# Are there other uses for macro?



## robdavis305

Im wanting to purchase a macro lenses thanks to you all and some really great pics. But i was wanting to know if there were anymore uses for the macro besides really good closeups. I will thank you now for all of your replies. THANKS


----------



## icassell

I don't know what system you're shooting, but my Canon 100mm f/2.8 macro is a great short tele and a nice portrait lens.


----------



## IgsEMT

I'm with IAN on that...
Many folks who use macro lenses don't just use them for macro work. Macro adds an extra capability to your system that you otherwise might be lacking.
Perhaps you should looking into macro lenses that are in zoom range as well. I have an old 28-105 Nikon lens that will macro b/n 50-105mm - glass is old, reviews are semi great but results - *AMAZING*.


----------



## avilamillar

if you are looking for a really macro lens this is it:

EOS (SLR) Camera Systems - Macro - Macro Lens - MP-E 65mm f/2.8 1-5x Macro Photo - Canon USA Consumer Products


----------



## Derrel

Most macro lenses can be pressed into service for other uses, but be aware that most macro lenses have extremely short focusing throws once the focusing distance gets past about 1.5 meters, meaning that focusing accuracy is sometimes hit-and-miss at normal portrait distances of 8 to 12 feet, and also very it-and-miss all the way out to infinity.

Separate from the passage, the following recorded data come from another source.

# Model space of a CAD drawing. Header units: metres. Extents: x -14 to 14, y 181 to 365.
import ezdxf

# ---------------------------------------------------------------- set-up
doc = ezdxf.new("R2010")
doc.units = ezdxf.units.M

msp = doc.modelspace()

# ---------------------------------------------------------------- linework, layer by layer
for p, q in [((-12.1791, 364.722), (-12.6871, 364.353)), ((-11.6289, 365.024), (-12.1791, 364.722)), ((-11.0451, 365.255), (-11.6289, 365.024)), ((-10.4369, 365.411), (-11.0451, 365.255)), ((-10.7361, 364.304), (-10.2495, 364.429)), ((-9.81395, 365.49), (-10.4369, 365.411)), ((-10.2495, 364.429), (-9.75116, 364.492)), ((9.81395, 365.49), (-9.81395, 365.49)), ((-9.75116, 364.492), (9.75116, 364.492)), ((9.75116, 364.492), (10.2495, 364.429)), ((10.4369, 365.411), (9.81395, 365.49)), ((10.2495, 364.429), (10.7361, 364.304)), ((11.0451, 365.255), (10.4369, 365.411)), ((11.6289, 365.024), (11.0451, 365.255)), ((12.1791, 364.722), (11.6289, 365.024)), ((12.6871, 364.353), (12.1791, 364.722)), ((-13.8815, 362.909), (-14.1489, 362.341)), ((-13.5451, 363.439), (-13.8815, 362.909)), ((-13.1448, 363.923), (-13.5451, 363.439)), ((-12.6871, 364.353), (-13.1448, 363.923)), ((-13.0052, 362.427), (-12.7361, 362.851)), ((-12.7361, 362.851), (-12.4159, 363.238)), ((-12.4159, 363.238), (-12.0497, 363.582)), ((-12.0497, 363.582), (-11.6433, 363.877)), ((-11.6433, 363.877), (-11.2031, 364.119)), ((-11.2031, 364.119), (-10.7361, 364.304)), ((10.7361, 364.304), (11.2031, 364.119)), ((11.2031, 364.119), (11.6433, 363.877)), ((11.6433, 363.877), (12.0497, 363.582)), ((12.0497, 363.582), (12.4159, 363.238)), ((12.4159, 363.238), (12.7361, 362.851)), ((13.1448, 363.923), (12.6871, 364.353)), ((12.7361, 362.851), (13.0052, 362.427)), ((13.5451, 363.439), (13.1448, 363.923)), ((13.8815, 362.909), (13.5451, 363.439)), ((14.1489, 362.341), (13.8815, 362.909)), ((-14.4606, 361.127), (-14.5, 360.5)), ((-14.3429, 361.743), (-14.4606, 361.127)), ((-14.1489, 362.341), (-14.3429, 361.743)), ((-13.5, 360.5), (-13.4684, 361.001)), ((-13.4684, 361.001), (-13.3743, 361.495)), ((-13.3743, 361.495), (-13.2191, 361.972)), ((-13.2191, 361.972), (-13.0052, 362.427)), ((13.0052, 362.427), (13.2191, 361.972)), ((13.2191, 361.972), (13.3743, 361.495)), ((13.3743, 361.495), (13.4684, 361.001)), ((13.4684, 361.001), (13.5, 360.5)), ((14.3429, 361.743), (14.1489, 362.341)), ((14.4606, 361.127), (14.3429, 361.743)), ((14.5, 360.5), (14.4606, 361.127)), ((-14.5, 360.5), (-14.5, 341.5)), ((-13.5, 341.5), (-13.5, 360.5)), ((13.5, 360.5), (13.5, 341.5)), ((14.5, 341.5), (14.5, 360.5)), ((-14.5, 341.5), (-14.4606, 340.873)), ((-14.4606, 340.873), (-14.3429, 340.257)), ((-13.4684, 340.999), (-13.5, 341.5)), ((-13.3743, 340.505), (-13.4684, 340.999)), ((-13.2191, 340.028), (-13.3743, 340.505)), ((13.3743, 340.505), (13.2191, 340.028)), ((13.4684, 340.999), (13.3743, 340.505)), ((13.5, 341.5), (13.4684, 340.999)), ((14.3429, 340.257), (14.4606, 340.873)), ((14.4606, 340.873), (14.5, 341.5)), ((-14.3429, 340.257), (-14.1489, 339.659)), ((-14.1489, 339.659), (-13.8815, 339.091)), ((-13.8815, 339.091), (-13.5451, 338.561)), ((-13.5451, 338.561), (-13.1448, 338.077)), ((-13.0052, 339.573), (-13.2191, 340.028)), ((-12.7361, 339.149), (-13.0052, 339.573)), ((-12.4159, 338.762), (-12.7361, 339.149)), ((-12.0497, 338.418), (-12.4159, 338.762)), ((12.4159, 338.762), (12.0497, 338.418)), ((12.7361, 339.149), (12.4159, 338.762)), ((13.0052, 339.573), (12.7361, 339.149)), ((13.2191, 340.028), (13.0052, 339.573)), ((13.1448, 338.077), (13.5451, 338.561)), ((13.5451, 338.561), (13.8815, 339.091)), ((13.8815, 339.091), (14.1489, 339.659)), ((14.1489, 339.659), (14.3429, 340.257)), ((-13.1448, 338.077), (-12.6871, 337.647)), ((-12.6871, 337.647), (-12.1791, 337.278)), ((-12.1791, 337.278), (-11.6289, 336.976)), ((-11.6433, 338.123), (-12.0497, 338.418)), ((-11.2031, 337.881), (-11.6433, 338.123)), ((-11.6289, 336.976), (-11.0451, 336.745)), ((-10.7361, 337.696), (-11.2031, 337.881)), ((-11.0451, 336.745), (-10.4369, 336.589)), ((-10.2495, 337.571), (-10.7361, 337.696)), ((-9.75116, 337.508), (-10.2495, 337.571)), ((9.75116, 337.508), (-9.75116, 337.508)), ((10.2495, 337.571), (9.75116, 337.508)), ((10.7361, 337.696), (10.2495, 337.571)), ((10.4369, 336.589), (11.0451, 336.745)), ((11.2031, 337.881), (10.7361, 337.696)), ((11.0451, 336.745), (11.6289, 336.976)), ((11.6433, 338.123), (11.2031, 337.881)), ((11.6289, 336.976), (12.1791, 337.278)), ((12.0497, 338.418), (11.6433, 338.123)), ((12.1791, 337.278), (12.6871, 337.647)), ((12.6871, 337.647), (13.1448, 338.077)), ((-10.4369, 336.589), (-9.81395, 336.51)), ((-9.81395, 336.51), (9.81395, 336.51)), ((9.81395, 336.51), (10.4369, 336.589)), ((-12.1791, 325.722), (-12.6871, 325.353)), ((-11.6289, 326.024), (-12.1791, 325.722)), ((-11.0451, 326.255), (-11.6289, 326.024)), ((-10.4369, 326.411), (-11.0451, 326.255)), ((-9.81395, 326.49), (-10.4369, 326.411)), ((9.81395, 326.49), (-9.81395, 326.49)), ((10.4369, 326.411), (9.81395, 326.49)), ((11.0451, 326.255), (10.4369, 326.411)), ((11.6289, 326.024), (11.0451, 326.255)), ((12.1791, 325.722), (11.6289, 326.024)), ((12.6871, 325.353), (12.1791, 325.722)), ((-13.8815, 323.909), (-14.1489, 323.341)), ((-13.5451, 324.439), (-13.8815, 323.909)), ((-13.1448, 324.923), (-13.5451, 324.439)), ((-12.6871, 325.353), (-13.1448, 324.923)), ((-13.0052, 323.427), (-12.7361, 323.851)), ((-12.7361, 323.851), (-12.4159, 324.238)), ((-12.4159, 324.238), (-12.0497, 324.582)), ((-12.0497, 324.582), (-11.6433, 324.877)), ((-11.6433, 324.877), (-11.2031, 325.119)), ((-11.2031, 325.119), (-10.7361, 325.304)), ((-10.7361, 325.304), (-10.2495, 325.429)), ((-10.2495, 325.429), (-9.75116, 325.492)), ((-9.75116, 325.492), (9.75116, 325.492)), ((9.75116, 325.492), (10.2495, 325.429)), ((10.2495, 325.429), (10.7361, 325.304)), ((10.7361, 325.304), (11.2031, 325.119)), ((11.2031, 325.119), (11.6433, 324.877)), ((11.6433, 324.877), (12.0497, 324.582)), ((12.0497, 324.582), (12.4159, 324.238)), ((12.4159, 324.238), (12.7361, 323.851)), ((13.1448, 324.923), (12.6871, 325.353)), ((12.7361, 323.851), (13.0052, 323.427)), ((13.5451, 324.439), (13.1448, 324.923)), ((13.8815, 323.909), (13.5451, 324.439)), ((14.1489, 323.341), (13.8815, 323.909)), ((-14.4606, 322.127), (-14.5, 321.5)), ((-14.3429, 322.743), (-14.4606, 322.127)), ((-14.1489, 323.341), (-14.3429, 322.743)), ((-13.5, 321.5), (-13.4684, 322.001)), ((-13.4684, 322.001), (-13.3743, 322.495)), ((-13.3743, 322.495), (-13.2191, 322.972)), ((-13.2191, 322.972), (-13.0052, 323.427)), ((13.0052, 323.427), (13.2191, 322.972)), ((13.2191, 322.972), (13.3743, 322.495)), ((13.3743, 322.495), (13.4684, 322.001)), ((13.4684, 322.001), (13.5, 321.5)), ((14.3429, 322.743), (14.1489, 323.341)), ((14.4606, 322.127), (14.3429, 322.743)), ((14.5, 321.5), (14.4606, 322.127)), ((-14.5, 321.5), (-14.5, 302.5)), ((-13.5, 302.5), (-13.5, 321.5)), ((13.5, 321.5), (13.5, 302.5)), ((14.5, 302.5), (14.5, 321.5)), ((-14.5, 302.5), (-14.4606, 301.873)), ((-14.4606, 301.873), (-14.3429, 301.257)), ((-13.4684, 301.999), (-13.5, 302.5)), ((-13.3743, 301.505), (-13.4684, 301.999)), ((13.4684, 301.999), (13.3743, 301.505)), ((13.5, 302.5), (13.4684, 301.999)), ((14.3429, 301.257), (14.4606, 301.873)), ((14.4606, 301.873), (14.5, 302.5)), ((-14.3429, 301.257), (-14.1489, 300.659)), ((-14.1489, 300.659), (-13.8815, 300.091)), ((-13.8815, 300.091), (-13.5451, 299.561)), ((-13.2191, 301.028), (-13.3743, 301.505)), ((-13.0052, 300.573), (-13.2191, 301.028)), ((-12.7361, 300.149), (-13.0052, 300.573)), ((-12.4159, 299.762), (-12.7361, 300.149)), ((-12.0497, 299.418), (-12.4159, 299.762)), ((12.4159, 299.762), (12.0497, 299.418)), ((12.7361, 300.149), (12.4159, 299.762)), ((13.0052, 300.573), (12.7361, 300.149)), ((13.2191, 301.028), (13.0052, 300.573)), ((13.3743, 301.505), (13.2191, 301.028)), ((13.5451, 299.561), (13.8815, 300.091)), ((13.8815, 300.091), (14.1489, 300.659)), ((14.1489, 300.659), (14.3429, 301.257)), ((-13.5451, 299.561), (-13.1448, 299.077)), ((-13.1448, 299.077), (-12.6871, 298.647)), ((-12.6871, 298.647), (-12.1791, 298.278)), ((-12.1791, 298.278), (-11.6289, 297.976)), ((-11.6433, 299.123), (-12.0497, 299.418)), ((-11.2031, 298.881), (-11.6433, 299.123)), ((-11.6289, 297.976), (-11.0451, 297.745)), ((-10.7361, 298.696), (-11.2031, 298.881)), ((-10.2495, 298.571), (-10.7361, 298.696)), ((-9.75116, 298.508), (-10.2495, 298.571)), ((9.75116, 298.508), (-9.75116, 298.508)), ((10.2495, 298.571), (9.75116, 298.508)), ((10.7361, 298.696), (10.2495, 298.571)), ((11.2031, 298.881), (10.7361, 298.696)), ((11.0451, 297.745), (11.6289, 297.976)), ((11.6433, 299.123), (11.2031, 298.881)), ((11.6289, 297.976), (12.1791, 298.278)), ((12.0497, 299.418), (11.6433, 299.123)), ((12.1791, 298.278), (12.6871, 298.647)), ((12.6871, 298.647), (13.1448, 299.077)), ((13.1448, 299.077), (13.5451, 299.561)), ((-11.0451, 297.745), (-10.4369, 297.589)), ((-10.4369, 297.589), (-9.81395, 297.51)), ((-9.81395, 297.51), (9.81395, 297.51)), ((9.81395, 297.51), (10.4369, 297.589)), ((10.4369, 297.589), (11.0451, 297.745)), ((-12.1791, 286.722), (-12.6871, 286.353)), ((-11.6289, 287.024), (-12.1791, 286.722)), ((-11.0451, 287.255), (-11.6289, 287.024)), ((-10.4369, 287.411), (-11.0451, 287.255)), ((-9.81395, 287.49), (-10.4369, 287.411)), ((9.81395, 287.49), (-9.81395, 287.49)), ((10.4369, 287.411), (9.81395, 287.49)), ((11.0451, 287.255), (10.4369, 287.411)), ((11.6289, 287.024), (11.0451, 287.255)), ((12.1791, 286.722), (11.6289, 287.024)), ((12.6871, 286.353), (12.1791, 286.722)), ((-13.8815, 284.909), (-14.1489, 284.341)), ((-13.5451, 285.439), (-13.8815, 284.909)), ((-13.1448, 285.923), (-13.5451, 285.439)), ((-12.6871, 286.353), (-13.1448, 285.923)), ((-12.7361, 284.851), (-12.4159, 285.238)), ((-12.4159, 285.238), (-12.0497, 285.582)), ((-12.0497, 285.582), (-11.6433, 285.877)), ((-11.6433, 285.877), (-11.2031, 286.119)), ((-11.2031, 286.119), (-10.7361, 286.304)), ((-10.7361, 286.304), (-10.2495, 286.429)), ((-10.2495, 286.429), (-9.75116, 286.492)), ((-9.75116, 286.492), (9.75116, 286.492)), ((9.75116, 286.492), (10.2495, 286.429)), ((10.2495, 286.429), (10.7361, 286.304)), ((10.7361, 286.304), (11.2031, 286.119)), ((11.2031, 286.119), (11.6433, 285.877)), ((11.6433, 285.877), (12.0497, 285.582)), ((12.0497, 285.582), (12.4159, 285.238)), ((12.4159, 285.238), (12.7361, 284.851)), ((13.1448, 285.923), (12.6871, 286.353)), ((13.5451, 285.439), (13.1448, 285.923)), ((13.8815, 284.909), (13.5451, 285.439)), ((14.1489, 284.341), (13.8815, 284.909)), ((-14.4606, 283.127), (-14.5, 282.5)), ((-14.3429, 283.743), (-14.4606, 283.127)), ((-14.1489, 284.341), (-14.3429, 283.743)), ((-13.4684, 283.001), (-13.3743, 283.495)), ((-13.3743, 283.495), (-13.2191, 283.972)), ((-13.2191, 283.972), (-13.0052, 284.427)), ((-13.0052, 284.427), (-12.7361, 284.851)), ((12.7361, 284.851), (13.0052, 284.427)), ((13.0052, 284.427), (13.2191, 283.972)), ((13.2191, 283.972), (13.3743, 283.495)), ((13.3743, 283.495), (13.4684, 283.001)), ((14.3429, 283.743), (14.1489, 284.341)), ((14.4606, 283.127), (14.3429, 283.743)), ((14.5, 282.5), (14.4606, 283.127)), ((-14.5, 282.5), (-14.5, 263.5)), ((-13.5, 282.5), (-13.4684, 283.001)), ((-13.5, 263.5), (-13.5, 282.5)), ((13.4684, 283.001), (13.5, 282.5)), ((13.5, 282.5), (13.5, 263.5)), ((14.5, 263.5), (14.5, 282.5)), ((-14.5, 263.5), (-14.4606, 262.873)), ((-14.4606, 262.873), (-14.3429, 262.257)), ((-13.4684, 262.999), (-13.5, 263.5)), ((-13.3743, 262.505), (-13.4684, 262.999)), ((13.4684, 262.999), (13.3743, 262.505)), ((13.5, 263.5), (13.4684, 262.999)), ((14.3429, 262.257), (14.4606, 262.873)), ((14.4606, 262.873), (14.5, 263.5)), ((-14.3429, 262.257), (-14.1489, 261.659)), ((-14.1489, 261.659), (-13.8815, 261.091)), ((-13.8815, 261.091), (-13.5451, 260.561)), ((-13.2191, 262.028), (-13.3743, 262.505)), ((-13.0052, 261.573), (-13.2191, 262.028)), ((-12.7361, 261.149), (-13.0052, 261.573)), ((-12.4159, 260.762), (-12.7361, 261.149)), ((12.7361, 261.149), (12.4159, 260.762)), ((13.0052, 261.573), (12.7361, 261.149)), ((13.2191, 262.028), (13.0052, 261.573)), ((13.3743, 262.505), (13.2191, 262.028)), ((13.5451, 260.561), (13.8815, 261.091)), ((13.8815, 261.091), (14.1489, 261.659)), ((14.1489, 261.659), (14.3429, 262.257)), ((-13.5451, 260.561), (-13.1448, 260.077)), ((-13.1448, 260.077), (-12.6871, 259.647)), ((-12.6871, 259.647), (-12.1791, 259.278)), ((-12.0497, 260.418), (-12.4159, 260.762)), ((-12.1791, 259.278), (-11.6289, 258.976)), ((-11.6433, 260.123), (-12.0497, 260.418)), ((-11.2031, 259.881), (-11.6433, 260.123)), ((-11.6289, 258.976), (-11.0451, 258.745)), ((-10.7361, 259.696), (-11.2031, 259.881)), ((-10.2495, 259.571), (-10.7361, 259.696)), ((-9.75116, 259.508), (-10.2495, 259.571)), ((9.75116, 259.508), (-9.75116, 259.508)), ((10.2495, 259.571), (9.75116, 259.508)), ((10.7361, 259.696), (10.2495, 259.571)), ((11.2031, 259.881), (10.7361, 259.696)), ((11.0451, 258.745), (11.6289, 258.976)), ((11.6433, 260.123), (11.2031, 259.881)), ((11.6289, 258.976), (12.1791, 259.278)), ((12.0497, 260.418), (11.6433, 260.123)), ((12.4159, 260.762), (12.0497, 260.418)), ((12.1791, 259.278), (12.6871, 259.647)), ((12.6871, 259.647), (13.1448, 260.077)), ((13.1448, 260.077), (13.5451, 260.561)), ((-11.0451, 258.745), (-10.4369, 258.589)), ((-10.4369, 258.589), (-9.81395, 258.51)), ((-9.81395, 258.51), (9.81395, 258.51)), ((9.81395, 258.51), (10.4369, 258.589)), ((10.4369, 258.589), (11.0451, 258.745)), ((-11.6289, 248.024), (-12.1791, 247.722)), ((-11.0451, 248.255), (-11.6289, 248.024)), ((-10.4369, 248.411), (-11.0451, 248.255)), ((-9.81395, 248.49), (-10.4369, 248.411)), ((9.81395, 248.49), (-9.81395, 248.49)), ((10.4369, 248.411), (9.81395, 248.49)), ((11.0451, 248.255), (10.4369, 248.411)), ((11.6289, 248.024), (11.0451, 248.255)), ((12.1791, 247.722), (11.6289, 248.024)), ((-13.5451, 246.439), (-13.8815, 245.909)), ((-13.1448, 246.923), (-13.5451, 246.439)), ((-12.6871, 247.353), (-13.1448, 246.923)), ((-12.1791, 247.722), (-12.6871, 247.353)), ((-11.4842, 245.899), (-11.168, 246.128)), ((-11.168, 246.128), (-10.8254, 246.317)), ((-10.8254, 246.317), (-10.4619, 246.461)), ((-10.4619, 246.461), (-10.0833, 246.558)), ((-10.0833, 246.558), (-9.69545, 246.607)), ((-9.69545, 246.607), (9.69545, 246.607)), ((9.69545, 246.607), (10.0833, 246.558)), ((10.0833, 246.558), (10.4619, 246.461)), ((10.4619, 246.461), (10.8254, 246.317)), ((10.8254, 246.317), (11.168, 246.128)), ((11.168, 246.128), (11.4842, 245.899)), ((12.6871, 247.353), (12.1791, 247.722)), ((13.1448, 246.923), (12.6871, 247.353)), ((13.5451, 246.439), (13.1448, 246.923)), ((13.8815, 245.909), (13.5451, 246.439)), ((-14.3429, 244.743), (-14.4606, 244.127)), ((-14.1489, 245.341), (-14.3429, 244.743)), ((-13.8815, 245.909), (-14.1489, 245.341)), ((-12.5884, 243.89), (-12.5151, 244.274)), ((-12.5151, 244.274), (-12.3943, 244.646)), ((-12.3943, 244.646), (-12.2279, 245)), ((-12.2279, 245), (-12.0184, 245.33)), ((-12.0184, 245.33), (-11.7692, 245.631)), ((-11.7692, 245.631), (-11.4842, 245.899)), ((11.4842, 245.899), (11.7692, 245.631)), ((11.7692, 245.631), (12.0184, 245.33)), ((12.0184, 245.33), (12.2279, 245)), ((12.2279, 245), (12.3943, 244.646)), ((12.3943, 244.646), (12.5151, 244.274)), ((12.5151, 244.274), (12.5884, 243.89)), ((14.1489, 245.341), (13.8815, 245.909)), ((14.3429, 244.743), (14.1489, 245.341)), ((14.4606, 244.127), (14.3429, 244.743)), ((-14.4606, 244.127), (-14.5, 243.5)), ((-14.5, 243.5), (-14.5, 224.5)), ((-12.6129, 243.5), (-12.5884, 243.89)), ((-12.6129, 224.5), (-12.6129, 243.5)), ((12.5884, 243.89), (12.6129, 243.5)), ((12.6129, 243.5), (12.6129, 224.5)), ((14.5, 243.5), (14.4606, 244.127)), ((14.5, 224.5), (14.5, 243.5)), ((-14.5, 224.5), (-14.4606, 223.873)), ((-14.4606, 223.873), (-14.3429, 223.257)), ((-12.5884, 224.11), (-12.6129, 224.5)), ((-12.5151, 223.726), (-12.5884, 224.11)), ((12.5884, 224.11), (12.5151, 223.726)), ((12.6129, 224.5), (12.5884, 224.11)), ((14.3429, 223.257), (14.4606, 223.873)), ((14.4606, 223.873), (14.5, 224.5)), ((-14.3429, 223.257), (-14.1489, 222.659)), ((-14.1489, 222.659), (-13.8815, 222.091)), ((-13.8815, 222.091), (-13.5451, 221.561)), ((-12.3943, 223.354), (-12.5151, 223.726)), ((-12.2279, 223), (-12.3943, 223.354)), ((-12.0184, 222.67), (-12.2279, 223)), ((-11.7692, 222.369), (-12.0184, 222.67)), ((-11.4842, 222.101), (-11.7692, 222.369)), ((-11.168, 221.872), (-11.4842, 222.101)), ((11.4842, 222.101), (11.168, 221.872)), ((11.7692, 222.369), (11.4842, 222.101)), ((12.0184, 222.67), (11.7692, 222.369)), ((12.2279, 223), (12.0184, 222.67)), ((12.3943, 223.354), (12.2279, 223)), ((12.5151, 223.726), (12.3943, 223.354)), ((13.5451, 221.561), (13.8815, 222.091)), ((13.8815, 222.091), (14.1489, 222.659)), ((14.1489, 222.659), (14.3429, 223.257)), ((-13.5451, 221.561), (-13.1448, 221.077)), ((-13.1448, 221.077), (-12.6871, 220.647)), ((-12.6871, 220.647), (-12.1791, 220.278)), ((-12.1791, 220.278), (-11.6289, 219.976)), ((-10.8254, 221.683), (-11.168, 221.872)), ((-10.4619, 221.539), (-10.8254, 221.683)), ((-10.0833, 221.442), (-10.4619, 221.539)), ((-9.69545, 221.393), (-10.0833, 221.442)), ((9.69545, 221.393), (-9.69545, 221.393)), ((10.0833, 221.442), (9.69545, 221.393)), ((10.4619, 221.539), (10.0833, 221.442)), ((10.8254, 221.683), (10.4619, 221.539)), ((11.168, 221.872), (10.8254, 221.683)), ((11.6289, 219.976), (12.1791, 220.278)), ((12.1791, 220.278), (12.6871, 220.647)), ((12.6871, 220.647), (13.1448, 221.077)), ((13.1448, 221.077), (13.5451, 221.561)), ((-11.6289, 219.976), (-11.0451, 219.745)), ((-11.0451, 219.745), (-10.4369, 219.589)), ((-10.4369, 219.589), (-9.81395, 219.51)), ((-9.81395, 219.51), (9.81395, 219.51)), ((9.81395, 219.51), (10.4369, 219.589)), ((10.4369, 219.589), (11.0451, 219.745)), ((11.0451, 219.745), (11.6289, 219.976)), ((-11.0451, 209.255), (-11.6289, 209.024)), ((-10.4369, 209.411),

 The newer Zeiss manual focus ZF and ZE lenses do not have this type of hair-trigger manual focusing adjustment at longer focusing distances, but the majority of AF macro lenses, and most older macro lenses made by Nikon have the same hair-trigger focusing at longer than macro focusing distances.

A normal "field telephoto" has focusing that is optimized for focusing at normal distances. A macro lens is optimized for accurate and precise focusing at close ranges, and so from roughly 1.5 meters to Infinity, many macro lenses have only a scant few degrees of movement of the focusing ring that traverses a huge distance,very rapidly. That leads to lower accuracy and lower precision under many real-world shooting conditions.


----------